Now, suddenly, we have a new turn in this evolution of Pakistan’s self-reckoning exercise where the demands and conditions of FATF are concerned. We are told by Hammad Azhar, the minister directly tasked with coordinating the implementation of the action plans as well as presenting Pakistan’s case before the global watchdog, that grey listing is likely to continue all through next year since more than one action plan has to be completed — one of which is due to be evaluated next October. But then, he reverted to the comforting presentation of “partial compliance on 22 of the 27 points” in the action plan due for evaluation in February. There is no longer any point in putting a smiley face on the realities that Pakistan is facing on the FATF front, and it is high time the authorities told us exactly what is going on. The truth is that Pakistan is having a difficult time complying with the terms of its own action plan, and long after the expiration of its deadline for completion, it can at best report “partial compliance” on most actionable items. The journey of denial needs to end soon so that the truth can be told in clear, unambiguous words.
Polio persists
EXPLOSIVE revelations in a recent investigation into Pakistan’s polio programme by The Guardian have rattled the trust of many. Citing unnamed sources and a member of the polio eradication programme, the investigation alleged there was a re-emergence of the P2 virus in the population, possibly through an ill-administered vaccine. Furthermore, the article claimed, efforts were made to cover up this disturbing new development, while a furtive vaccine programme was planned to target the outbreak of the P2 virus this month. Presently, Pakistan uses P1 and P3 vaccines, as the P2 virus was thought to have been eradicated in 2014. The special assistant to the prime minister on health issued a statement denying these very serious allegations, but also confirmed there were seven new cases of vaccine-derived P2, after The Guardian story created a storm. He mentioned that the resurgence of the vaccine-derived P2 virus was not unique to Pakistan, as similar outbreaks were witnessed in countries that had long been declared polio-free. While there has indeed been a resurgence of the vaccine-derived P2 in some countries over the past two years, this cannot be accepted as a valid excuse.

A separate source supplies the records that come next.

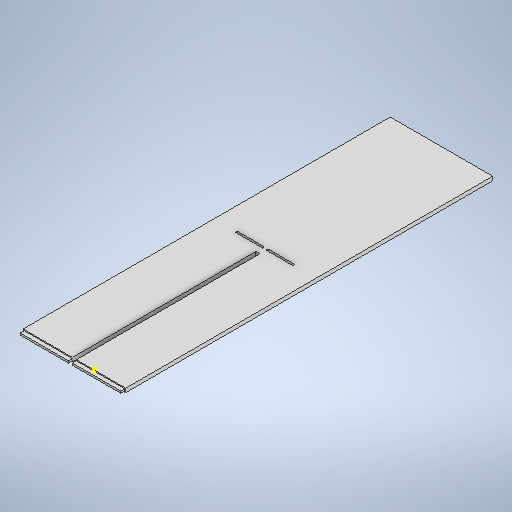
# Autodesk Inventor part: Sustainable Chair_V2 - Leg(A)_1_CPY
Saved by Autodesk Inventor 2025.2 (Build 292293000, 293)
## iProperties
Created: 2025-02-09
Part Number: Sustainable Chair_V2 - Leg(A)_1_CPY
Material: Foam Board - V3
Document SubType Name: Modeling
Designer: Dylan
Mass: 39.6007 g
Surface Area: 1188.97 cm^2
Volume: 262.027 cm^3
Density: 0.151132 g/cm^3
Appearance: Default(1)
Author: VRK99-0110
Title: Sustainable Chair_V2 - Leg(A)_1_CPY
Subject: Sustainable Chair Project
Autodesk Inventor part; units mm, degrees
ref_plane "YZ Plane" through (0, 0, 0) normal (1, 0, 0) x (0, 1, 0)
ref_plane "XZ Plane" through (0, 0, 0) normal (0, 1, 0) x (-1, 0, 0)
ref_plane "XY Plane" through (0, 0, 0) normal (0, 0, 1) x (1, 0, 0)
sketch "Sketch1" plane through (0, 0, 0) normal (0, 1, 0) x (-1, 0, 0)
  line L0 (0, 0) -> (50, 0)
  line L1 (50, 0) -> (50, -447.675)
  line L2 (50, -447.675) -> (0, -447.675)
  line L3 (0, -447.675) -> (0, 0)
  dimension "d0" = 50
  dimension "d1" = 447.675
  constraints: 8 end point, 2 parallel, 1 horizontal, 1 perpendicular
  measures "d0" distance of L1.end L2.end
  measures "d1" distance of L0.end L1.end
extrude "Extrusion1" add sketch "Sketch1" along normal blind 4.7625
sketch "Sketch2" plane through (-50, 0, 0) normal (0, 0, 1) x (1, 0, 0)
  line L0 (1.1907, 3.5648) -> (1.1907, 1.1907)
  line L1 (50, 0) -> (0, 0) projected
  line L2 (50, 4.7625) -> (0, 4.7625) projected
  line L3 (1.1907, 1.1907) -> (48.8093, 1.1907)
  line L4 (1.1907, 3.5648) -> (48.8093, 3.5648)
  line L5 (48.8093, 3.5648) -> (48.8093, 1.1907)
  line L6 (50, 0) -> (50, 4.7625) projected
  constraints: 8 end point, 1 parallel
extrude "Extrusion2" add sketch "Sketch2" along normal blind 4.7625
sketch "Sketch3" plane through (0, 4.7625, 0) normal (0, 1, 0) x (1, 0, 0)
  line L0 (-50, 447.675) -> (-50, 0) projected
  line L1 (-50, 447.675) -> (-25, 447.675)
  line L2 (0, 447.675) -> (-50, 447.675) projected
  line L3 (-25, 447.675) -> (-25, 382.675)
  line L4 (-31, 382.675) -> (-19, 382.675)
  line L5 (-31, 382.675) -> (-31, 0)
  line L6 (-1.1907, 0) -> (-48.8093, 0) projected
  line L7 (-19, 382.675) -> (-19, 0)
  line L8 (-31, 0) -> (-19, 0)
  point P0 (0, 0)
  dimension "d11" = 25
  constraints: 12 end point, 2 point on line, 2 vertical, 1 horizontal, 1 midpoint, 1 parallel, 1 perpendicular
  measures "d11" distance of L0.start L1.end
extrude "Extrusion3" cut sketch "Sketch3" against normal blind 10
sketch "Sketch4" plane through (-50, 0, 4.7625) normal (0, 0, 1) x (1, 0, 0)
  line L0 (31, 3.5648) -> (31, 1.1907) projected
  line L1 (31, 1.1907) -> (31, 3.5648)
  line L2 (19, 3.5648) -> (31, 3.5648) projected
  line L3 (31, 3.5648) -> (19, 3.5648)
  line L4 (19, 3.5648) -> (19, 1.1907)
  line L5 (19, 1.1907) -> (31, 1.1907)
  point P0 (50, 0)
  constraints: 8 end point, 3 perpendicular, 1 collinear
extrude "Extrusion4" cut sketch "Sketch4" against normal blind 10
sketch "Sketch5" plane through (0, 4.7625, 0) normal (0, 1, 0) x (1, 0, 0)
  point P0 (0, 0)
sketch "Sketch6" plane through (-31, 4.7625, -382.675) normal (0, 0, 1) x (1, 0, 0)
  line L0 (12, -4.7625) -> (0, -4.7625) projected
  line L1 (12, 0) -> (12, -4.7625) projected
  line L2 (0, 0) -> (12, 0) projected
  line L3 (0, 0) -> (0, -4.7625) projected
  point P0 (31, -4.7625)
extrude "Extrusion5" add sketch "Sketch6" along normal blind 158.838
sketch "Sketch8" plane through (-31, 4.7625, -223.837) normal (0, 0, 1) x (1, 0, 0)
  line L0 (3.6185, -4.7625) -> (3.6185, 0)
  line L1 (3.6185, 0) -> (8.3815, 0)
  line L2 (8.3815, 0) -> (8.3815, -4.7625)
  line L3 (3.6185, -4.7625) -> (8.3815, -4.7625)
  line L4 (0, -4.7625) -> (12, -4.7625) projected
  line L5 (-19, 0) -> (0, 0) projected
  line L6 (0, 0) -> (3.6185, 0)
  line L7 (12, 0) -> (0, 0) projected
  line L8 (3.6185, -4.7625) -> (0, -4.7625)
  line L9 (0, -4.7625) -> (0, 0) projected
  line L10 (0, -4.7625) -> (0, 0)
  line L11 (8.3815, 0) -> (12, 0)
  line L12 (12, -3.5718) -> (12, -4.7625) projected
  line L13 (12, -4.7625) -> (8.3815, -4.7625)
  line L14 (12, -4.7625) -> (12, 0)
  point P0 (31, -4.7625)
  dimension "d25" = 4.763
  constraints: 20 end point, 5 collinear, 3 perpendicular, 1 parallel
  measures "d25" distance of L0.end L1.end
extrude "Extrusion6" add sketch "Sketch8" along normal blind 223.837 contours L4 L9 L6 L0 | L2 L7 L14 L12 L4
sketch "Sketch9" plane through (-19, 1.1907, 0) normal (-1, 0, 0) x (0, 0, 1)
  line L0 (0, 2.374) -> (0, 0) projected
  line L1 (4.7625, 0) -> (0, 0) projected
  line L2 (4.7625, 2.374) -> (4.7625, 0) projected
  line L3 (0, 2.374) -> (4.7625, 2.374) projected
  point P0 (0, -1.1907)
extrude "Extrusion7" add sketch "Sketch9" along normal blind 15
sketch "Sketch10" plane through (-22.6185, 3.5648, 0) normal (0, 0, -1) x (-1, 0, 0)
  line L0 (4.763, -2.374) -> (4.763, 0) projected
  line L1 (0, 0) -> (4.763, 0) projected
  line L2 (0, 0) -> (0, -2.374) projected
  line L3 (0, -2.374) -> (4.763, -2.374) projected
  point P0 (-22.6185, -3.5648)
extrude "Extrusion8" cut sketch "Sketch10" against normal blind 15
sketch "Sketch14" plane through (0, 4.7625, 0) normal (0, 1, 0) x (1, 0, 0)
  line L0 (0, 447.675) -> (-50, 447.675) projected
  line L1 (0, 0) -> (0, 447.675) projected
  line L2 (-50, 447.675) -> (-50, 0) projected
  line L3 (-27.3815, 223.837) -> (-27.3815, 0) projected
  line L4 (-22.6185, 223.837) -> (-22.6185, 0) projected
  line L5 (-5, 231.488) -> (-22.6185, 231.488)
  line L6 (-22.6185, 231.488) -> (-22.6185, 233.862)
  line L7 (-22.6185, 233.862) -> (-5, 233.862)
  line L8 (-5, 231.488) -> (-5, 233.862)
  line L9 (-27.3815, 223.837) -> (-22.6185, 223.837) projected
  line L10 (-45, 231.488) -> (-27.3815, 231.488)
  line L11 (-27.3815, 231.488) -> (-27.3815, 233.862)
  line L12 (-27.3815, 233.862) -> (-45, 233.862)
  line L13 (-45, 231.488) -> (-45, 233.862)
  dimension "d35" = 2.374
  constraints: 16 end point, 1 perpendicular
  measures "d35" distance of L5.end L6.end
extrude "Extrusion9" cut sketch "Sketch14" against normal blind 10
sketch "Sketch17" plane through (0, 4.7625, 0) normal (0, 1, 0) x (1, 0, 0)
  line L0 (0, 0) -> (37.5, 0)
  line L1 (0, 447.675) -> (-50, 447.675) projected
  line L2 (0, 447.675) -> (37.5, 447.675)
  line L3 (37.5, 447.675) -> (37.5, 0)
  line L4 (0, 0) -> (0, 447.675) projected
  line L5 (0, 0) -> (0, 447.675)
  line L6 (-50, 0) -> (-87.5, 0)
  line L7 (-50, 447.675) -> (-87.5, 447.675)
  line L8 (-87.5, 447.675) -> (-87.5, 0)
  line L9 (-50, 0) -> (-50, 447.675)
  dimension "d39" = 37.5
  dimension "d40" = 37.5
  constraints: 16 end point, 2 horizontal, 1 collinear
  measures "d39" distance of L0.start L0.end
  measures "d40" distance of L1.start L2.end
extrude "Extrusion10" add sketch "Sketch17" against normal up to surface (4.7625 mm away)
sketch "Sketch18" plane through (-1.1907, 1.1907, 0) normal (0, 0, 1) x (1, 0, 0)
  line L0 (37.4997, 0) -> (0, 0)
  line L1 (0, 2.374) -> (0, 0) projected
  line L2 (0, 0) -> (0, 2.374)
  line L3 (0, 2.374) -> (37.4997, 2.374)
  line L4 (37.4997, 2.374) -> (37.4997, 0)
  line L5 (38.6907, -1.1907) -> (-86.3093, -1.1907) projected
  line L6 (-21.4278, 3.5718) -> (-26.1908, 3.5718) projected
  line L7 (-85.1183, 0) -> (-47.6185, 0)
  line L8 (-47.6185, 2.374) -> (-47.6185, 0)
  line L9 (-47.6185, 2.374) -> (-85.1183, 2.374)
  line L10 (-85.1183, 2.374) -> (-85.1183, 0)
  constraints: 16 end point, 2 perpendicular, 1 collinear
extrude "Extrusion11" add sketch "Sketch18" along normal up to surface (4.7625 mm away)
sketch "Sketch19" plane through (0, 4.7625, 0) normal (0, 1, 0) x (1, 0, 0)
  line L0 (-22.6185, 231.488) -> (9.8845, 231.488)
  line L1 (-22.6185, 233.862) -> (9.8845, 233.862)
  line L2 (9.8845, 233.862) -> (9.8845, 231.488)
  line L3 (-22.6185, 231.488) -> (-22.6185, 233.862)
  line L4 (-27.3815, 223.837) -> (-22.6185, 223.837) projected
  line L5 (-27.3815, 231.488) -> (-59.8845, 231.488)
  line L6 (-27.3815, 233.862) -> (-59.8845, 233.862)
  line L7 (-59.8845, 233.862) -> (-59.8845, 231.488)
  line L8 (-27.3815, 231.488) -> (-27.3815, 233.862)
  point P0 (0, 0)
  dimension "d47" = 32.503
  constraints: 16 end point, 1 horizontal
  measures "d47" distance of L1.start L1.end
extrude "Extrusion12" cut sketch "Sketch19" against normal blind 10
body "Solid1"

There is a need for greater transparency, accountability, and perhaps an official investigation. One cannot help but question the former and present leadership of the polio programme, at a time when there has been a massive spike in the number of new cases in the country. Pakistan has the misfortune of being one of three countries in the world that are yet to be declared polio-free. In 2017, there were eight cases of polio recorded in the country. In 2018, this figure rose to 12. As of writing this editorial, three more cases have been reported, increasing the number of new polio cases to 80 this year. Pakistan’s polio vaccination efforts have battled religious militancy and misinformation. It would be a tragedy if they failed due to the ineptitude of those overseeing the programme.